◆ What is expected ◆
Only one stretch of the data below is needed. Output the lines from the one with "at (60.5, 49.8)" up to and including the one with "- U1 pad 35: /interface/SCLK", exactly as they stand.

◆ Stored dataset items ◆
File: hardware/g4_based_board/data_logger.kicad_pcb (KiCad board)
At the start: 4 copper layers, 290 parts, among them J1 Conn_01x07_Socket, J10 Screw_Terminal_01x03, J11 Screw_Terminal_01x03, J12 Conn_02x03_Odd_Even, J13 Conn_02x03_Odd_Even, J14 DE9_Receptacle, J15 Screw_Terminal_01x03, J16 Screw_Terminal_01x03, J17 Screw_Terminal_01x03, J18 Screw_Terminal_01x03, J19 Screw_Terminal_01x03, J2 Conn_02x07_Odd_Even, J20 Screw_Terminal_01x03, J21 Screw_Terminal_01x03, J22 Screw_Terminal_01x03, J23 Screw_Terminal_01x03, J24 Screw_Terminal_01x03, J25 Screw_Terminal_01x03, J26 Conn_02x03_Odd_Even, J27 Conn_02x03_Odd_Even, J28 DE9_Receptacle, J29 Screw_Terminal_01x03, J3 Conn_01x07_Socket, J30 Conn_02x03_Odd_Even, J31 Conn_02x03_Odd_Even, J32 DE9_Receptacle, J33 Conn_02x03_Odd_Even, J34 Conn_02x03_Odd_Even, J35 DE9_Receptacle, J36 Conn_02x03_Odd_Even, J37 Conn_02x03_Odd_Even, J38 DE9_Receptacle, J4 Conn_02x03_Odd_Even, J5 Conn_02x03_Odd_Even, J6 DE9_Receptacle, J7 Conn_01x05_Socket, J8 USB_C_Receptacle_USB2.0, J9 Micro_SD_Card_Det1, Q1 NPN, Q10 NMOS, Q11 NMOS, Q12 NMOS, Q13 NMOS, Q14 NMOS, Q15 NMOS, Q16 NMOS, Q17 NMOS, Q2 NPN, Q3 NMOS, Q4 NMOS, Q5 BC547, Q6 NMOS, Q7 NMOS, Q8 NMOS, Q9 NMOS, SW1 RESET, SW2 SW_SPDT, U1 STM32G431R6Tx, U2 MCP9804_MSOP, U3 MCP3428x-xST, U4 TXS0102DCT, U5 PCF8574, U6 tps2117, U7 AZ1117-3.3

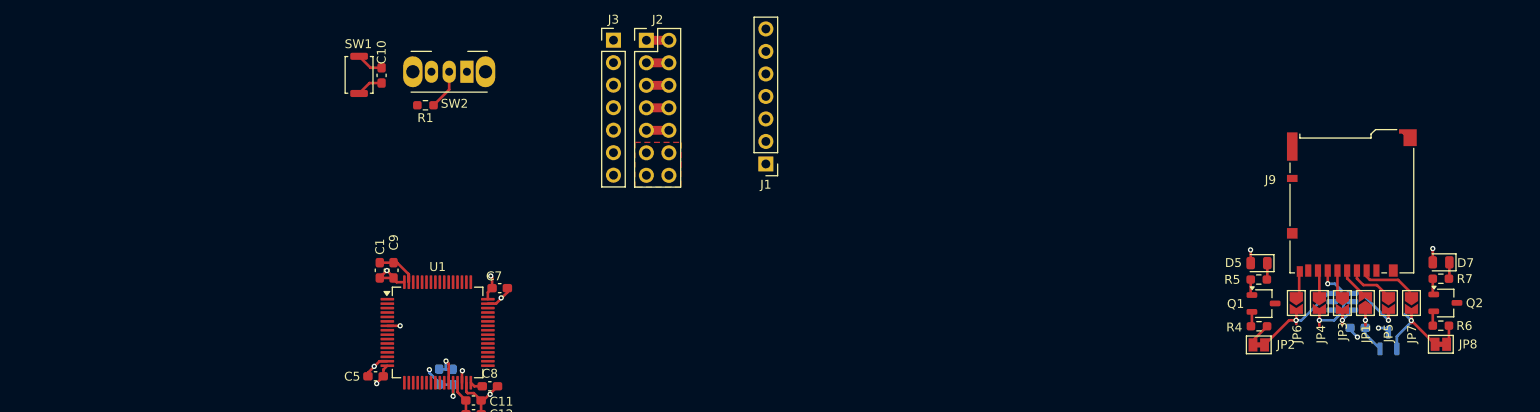
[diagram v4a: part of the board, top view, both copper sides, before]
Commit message: added buttons
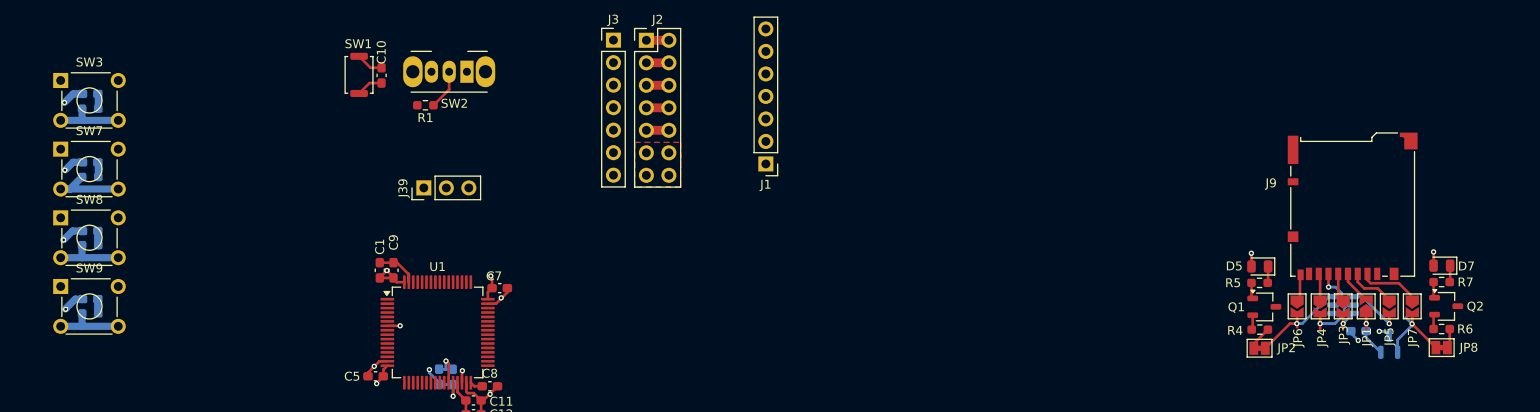
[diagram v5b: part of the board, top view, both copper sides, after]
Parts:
- added C53: C, Capacitor_SMD:C_0603_1608Metric_Pad1.08x0.95mm_HandSolder, B.Cu at (60.5, 26.6)
- added C54: C, Capacitor_SMD:C_0603_1608Metric_Pad1.08x0.95mm_HandSolder, B.Cu at (60.5, 34.3)
- added C55: C, Capacitor_SMD:C_0603_1608Metric_Pad1.08x0.95mm_HandSolder, B.Cu at (60.5, 42.1)
- added C56: C, Capacitor_SMD:C_0603_1608Metric_Pad1.08x0.95mm_HandSolder, B.Cu at (60.5, 49.8)
- added J39: Conn_01x03, Connector_PinHeader_2.54mm:PinHeader_1x03_P2.54mm_Vertical, F.Cu at (98.2, 37.2)
- added R73: R, Resistor_SMD:R_0603_1608Metric_Pad0.98x0.95mm_HandSolder, B.Cu at (60.5, 28.3)
- added R75: R, Resistor_SMD:R_0603_1608Metric_Pad0.98x0.95mm_HandSolder, B.Cu at (60.5, 36.0)
- added R77: R, Resistor_SMD:R_0603_1608Metric_Pad0.98x0.95mm_HandSolder, B.Cu at (60.5, 43.7)
- added R79: R, Resistor_SMD:R_0603_1608Metric_Pad0.98x0.95mm_HandSolder, B.Cu at (60.5, 51.4)
- added SW3: DOWN, Button_Switch_THT:SW_TH_Tactile_Omron_B3F-10xx, F.Cu at (57.2, 25.1)
- added SW7: DOWN, Button_Switch_THT:SW_TH_Tactile_Omron_B3F-10xx, F.Cu at (57.2, 32.9)
- added SW8: DOWN, Button_Switch_THT:SW_TH_Tactile_Omron_B3F-10xx, F.Cu at (57.2, 40.6)
- added SW9: DOWN, Button_Switch_THT:SW_TH_Tactile_Omron_B3F-10xx, F.Cu at (57.2, 48.4)
- moved D4 0.39 mm to (201.9, 50.4)
- moved R7 0.39 mm to (213.1, 47.9)
- moved JP2 0.39 mm to (192.5, 55.3)
- moved Q2 0.39 mm to (213.6, 50.6)
- moved R5 0.39 mm to (192.5, 47.9)
- moved C13 0.39 mm to (203.7, 53.4)
- moved D5 0.39 mm to (192.5, 46.1)
- moved D6 0.39 mm to (207.2, 54.8)
- moved D7 0.39 mm to (213.1, 46.0)
- moved J9 0.39 mm to (203.0, 39.3)
- moved JP1 0.39 mm to (204.6, 50.6)
- moved JP4 0.39 mm to (199.3, 50.6)
- moved JP5 0.39 mm to (207.2, 50.6)
- moved JP6 0.39 mm to (196.8, 50.6)
- moved JP7 0.39 mm to (209.8, 50.6)
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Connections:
- U1 pad 17: unconnected-(U1-PA3-Pad17) -> /analog_digital_io/GPIO-4
- U1 pad 22: /analog_digital_io/GPIO-11 -> /interface/SD_CONNECTED
- U1 pad 24: unconnected-(U1-PB0-Pad24) -> /analog_digital_io/GPIO-11
- U1 pad 26: unconnected-(U1-PB2-Pad26) -> /interface/WAKE_BTN
- U1 pad 30: unconnected-(U1-PB10-Pad30) -> /interface/ENTER_BTN
- U1 pad 33: unconnected-(U1-PB11-Pad33) -> /interface/DOWN_BTN
- U1 pad 34: /interface/SD_CONNECTED -> /analog_digital_io/GPIO-3
- U1 pad 35: /interface/SCLK -> /high_speed_digital/EN_1
- U1 pad 36: /interface/MISO -> /high_speed_digital/EN_2
- U1 pad 37: /interface/MOSI -> /high_speed_digital/EN_3
- U1 pad 42: /analog_digital_io/GPIO-3 -> unconnected-(U1-PA8-Pad42)
- U1 pad 50: /high_speed_digital/SDA -> /mcu/USART_TX
- U1 pad 51: /analog_digital_io/GPIO-4 -> /mcu/USART_RX
- U1 pad 52: /high_speed_digital/EN_1 -> /interface/SCLK
- U1 pad 53: /high_speed_digital/EN_2 -> /interface/MISO
- U1 pad 54: /high_speed_digital/EN_3 -> /interface/MOSI
- U1 pad 58: unconnected-(U1-PB5-Pad58) -> /mcu/USART_CK
- U1 pad 60: unconnected-(U1-PB7-Pad60) -> /high_speed_digital/SDA
- U1 pad 62: unconnected-(U1-PB9-Pad62) -> /interface/UP_BTN
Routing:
- net GND: track 812.8 -> 822.4 mm, vias 64 -> 68
- net Net-(R75-Pad1): track 0.00 -> 9.48 mm
- net Net-(R79-Pad1): track 0.00 -> 7.97 mm
- net Net-(R77-Pad1): track 0.00 -> 7.92 mm
- net Net-(R73-Pad1): track 0.00 -> 7.86 mm
- net /interface/ENTER_BTN: track 0.00 -> 3.01 mm, vias 0 -> 1
- net /interface/DOWN_BTN: track 0.00 -> 1.70 mm
- net /interface/UP_BTN: track 0.00 -> 1.68 mm
- net /interface/WAKE_BTN: track 0.00 -> 1.63 mm
- net unconnected-(U1-PB10-Pad30): track 1.39 -> 0.00 mm, vias 1 -> 0

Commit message: rev-1
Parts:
- removed C14, C15, C16, C17, C26, C27, C28, C29, C30, C31, C32, C33, C34, C35, C36, C37, C38, C39, C40, C41, C42, C43, C44, C45, C46, C47, C48, C49: C, Capacitor_SMD:C_0603_1608Metric_Pad1.08x0.95mm_HandSolder
- removed C23, C24, C25: 100n, Capacitor_SMD:C_0603_1608Metric_Pad1.08x0.95mm_HandSolder
- removed D10, D11, D12, D13, D14, D15, D16, D17, D18, D19, D20, D21, D8, D9: SP0502BAHT, Package_TO_SOT_SMD:SOT-23
- removed DS1: WC1602A, Display:WC1602A
- removed H2, H4, H5, H6, H7, H9: MountingHole, MountingHole:MountingHole_3.2mm_M3
- removed J10, J11, J15, J16, J17, J18, J19, J20, J21, J22, J23, J24, J25, J29: Screw_Terminal_01x03, TerminalBlock:TerminalBlock_Altech_AK300-3_P5.00mm
- removed J14, J28, J32, J35, J38, J6: DE9_Receptacle, Connector_Dsub:DSUB-9_Female_Vertical_P2.77x2.84mm_MountingHoles
- removed J26, J27, J30, J31, J33, J34, J36, J37: Conn_02x03_Odd_Even, Connector_PinHeader_2.54mm:PinHeader_2x03_P2.54mm_Vertical
- removed JP10, JP13, JP26, JP29, JP32, JP35, JP38, JP41, JP44, JP47, JP50, JP53, JP56, JP59: pulldown, Connector_PinHeader_2.54mm:PinHeader_1x02_P2.54mm_Vertical
- removed JP11, JP14, JP27, JP30, JP33, JP36, JP39, JP42, JP45, JP48, JP51, JP54, JP57, JP60: power_select, Connector_PinHeader_2.54mm:PinHeader_1x03_P2.54mm_Vertical
- removed JP12, JP25, JP28, JP31, JP34, JP37, JP40, JP43, JP46, JP49, JP52, JP55, JP58, JP9: I/O select, Connector_PinHeader_2.54mm:PinHeader_1x03_P2.54mm_Vertical
- removed JP20, JP21, JP22: SolderJumper_3_Open, Jumper:SolderJumper-3_P1.3mm_Open_RoundedPad1.0x1.5mm
- removed JP23, JP24, JP5, JP6, JP7: Jumper_2_Open, Jumper:SolderJumper-2_P1.3mm_Open_TrianglePad1.0x1.5mm
- removed Q10, Q11, Q12, Q13, Q14, Q15, Q16, Q17, Q3, Q4, Q6, Q7, Q8, Q9: NMOS, Package_TO_SOT_SMD:SOT-23-3
- removed R10, R11, R12, R13, R14, R15, R22, R23, R24, R25, R26, R27, R28, R29, R30, R31, R32, R33, R34, R35, R36, R37, R38, R39, R40, R41, R42, R43, R44, R45, R46, R47, R48, R49, R50, R51, R52, R53, R54, R55, R56, R57, R58, R59, R60, R61, R62, R63, R64, R65, R66, R67, R68, R69, R8, R9: R, Resistor_SMD:R_0603_1608Metric_Pad0.98x0.95mm_HandSolder
- removed TP5: LCD_PWR, TestPoint:TestPoint_Pad_D1.5mm
- removed U5: PCF8574, Package_SO:SOIC-16W_7.5x10.3mm_P1.27mm
- added G***: LOGO, frogs:UC_LOGO, B.Cu at (188.0, 136.0)
- added G***: LOGO, frogs:frog_smol, B.Cu at (167.0, 105.0)
- added J40: Conn_01x07_Socket, Connector_PinHeader_2.54mm:PinHeader_1x07_P2.54mm_Vertical, F.Cu at (106.8, 141.1)
- added J43: Conn_01x06, Connector_PinHeader_2.54mm:PinHeader_1x06_P2.54mm_Vertical, B.Cu at (165.2, 78.1)
- added R74: 1k, Resistor_SMD:R_0603_1608Metric_Pad0.98x0.95mm_HandSolder, B.Cu at (141.6, 90.6)
- added R76: 1k, Resistor_SMD:R_0603_1608Metric_Pad0.98x0.95mm_HandSolder, B.Cu at (126.1, 90.6)
- added R78: 1k, Resistor_SMD:R_0603_1608Metric_Pad0.98x0.95mm_HandSolder, B.Cu at (133.8, 90.6)
- added RV2: 10k, Potentiometer_THT:Potentiometer_Vishay_T73YP_Vertical, B.Cu at (142.6, 65.2)
- added RV3: 10k, Potentiometer_THT:Potentiometer_Vishay_T73YP_Vertical, B.Cu at (134.7, 65.2)
- added RV4: 10k, Potentiometer_THT:Potentiometer_Vishay_T73YP_Vertical, B.Cu at (142.5, 88.6)
- added RV5: 10k, Potentiometer_THT:Potentiometer_Vishay_T73YP_Vertical, B.Cu at (126.9, 65.2)
- added RV6: 10k, Potentiometer_THT:Potentiometer_Vishay_T73YP_Vertical, B.Cu at (119.1, 65.2)
- added RV7: 10k, Potentiometer_THT:Potentiometer_Vishay_T73YP_Vertical, B.Cu at (127.1, 88.6)
- added RV8: 10k, Potentiometer_THT:Potentiometer_Vishay_T73YP_Vertical, B.Cu at (134.7, 88.6)
- C1, C11, C12, C5, C7, C8, C9, J2, J7, J9, JP1, JP15, JP16, JP17, R1, SW2, TC1, TC2, TC3, TC4, U1: moved to B.Cu
- C18, C19, C2, C20, C6, D4, D6, JP18, JP19, R16, U2, U3: moved to F.Cu
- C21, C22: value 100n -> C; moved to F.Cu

◆ Answer for the task ◆
- added C56: C, Capacitor_SMD:C_0603_1608Metric_Pad1.08x0.95mm_HandSolder, B.Cu at (60.5, 49.8)
- added J39: Conn_01x03, Connector_PinHeader_2.54mm:PinHeader_1x03_P2.54mm_Vertical, F.Cu at (98.2, 37.2)
- added R73: R, Resistor_SMD:R_0603_1608Metric_Pad0.98x0.95mm_HandSolder, B.Cu at (60.5, 28.3)
- added R75: R, Resistor_SMD:R_0603_1608Metric_Pad0.98x0.95mm_HandSolder, B.Cu at (60.5, 36.0)
- added R77: R, Resistor_SMD:R_0603_1608Metric_Pad0.98x0.95mm_HandSolder, B.Cu at (60.5, 43.7)
- added R79: R, Resistor_SMD:R_0603_1608Metric_Pad0.98x0.95mm_HandSolder, B.Cu at (60.5, 51.4)
- added SW3: DOWN, Button_Switch_THT:SW_TH_Tactile_Omron_B3F-10xx, F.Cu at (57.2, 25.1)
- added SW7: DOWN, Button_Switch_THT:SW_TH_Tactile_Omron_B3F-10xx, F.Cu at (57.2, 32.9)
- added SW8: DOWN, Button_Switch_THT:SW_TH_Tactile_Omron_B3F-10xx, F.Cu at (57.2, 40.6)
- added SW9: DOWN, Button_Switch_THT:SW_TH_Tactile_Omron_B3F-10xx, F.Cu at (57.2, 48.4)
- moved D4 0.39 mm to (201.9, 50.4)
- moved R7 0.39 mm to (213.1, 47.9)
- moved JP2 0.39 mm to (192.5, 55.3)
- moved Q2 0.39 mm to (213.6, 50.6)
- moved R5 0.39 mm to (192.5, 47.9)
- moved C13 0.39 mm to (203.7, 53.4)
- moved D5 0.39 mm to (192.5, 46.1)
- moved D6 0.39 mm to (207.2, 54.8)
- moved D7 0.39 mm to (213.1, 46.0)
- moved J9 0.39 mm to (203.0, 39.3)
- moved JP1 0.39 mm to (204.6, 50.6)
- moved JP4 0.39 mm to (199.3, 50.6)
- moved JP5 0.39 mm to (207.2, 50.6)
- moved JP6 0.39 mm to (196.8, 50.6)
- moved JP7 0.39 mm to (209.8, 50.6)
Connections:
- U1 pad 17: unconnected-(U1-PA3-Pad17) -> /analog_digital_io/GPIO-4
- U1 pad 22: /analog_digital_io/GPIO-11 -> /interface/SD_CONNECTED
- U1 pad 24: unconnected-(U1-PB0-Pad24) -> /analog_digital_io/GPIO-11
- U1 pad 26: unconnected-(U1-PB2-Pad26) -> /interface/WAKE_BTN
- U1 pad 30: unconnected-(U1-PB10-Pad30) -> /interface/ENTER_BTN
- U1 pad 33: unconnected-(U1-PB11-Pad33) -> /interface/DOWN_BTN
- U1 pad 34: /interface/SD_CONNECTED -> /analog_digital_io/GPIO-3
- U1 pad 35: /interface/SCLK -> /high_speed_digital/EN_1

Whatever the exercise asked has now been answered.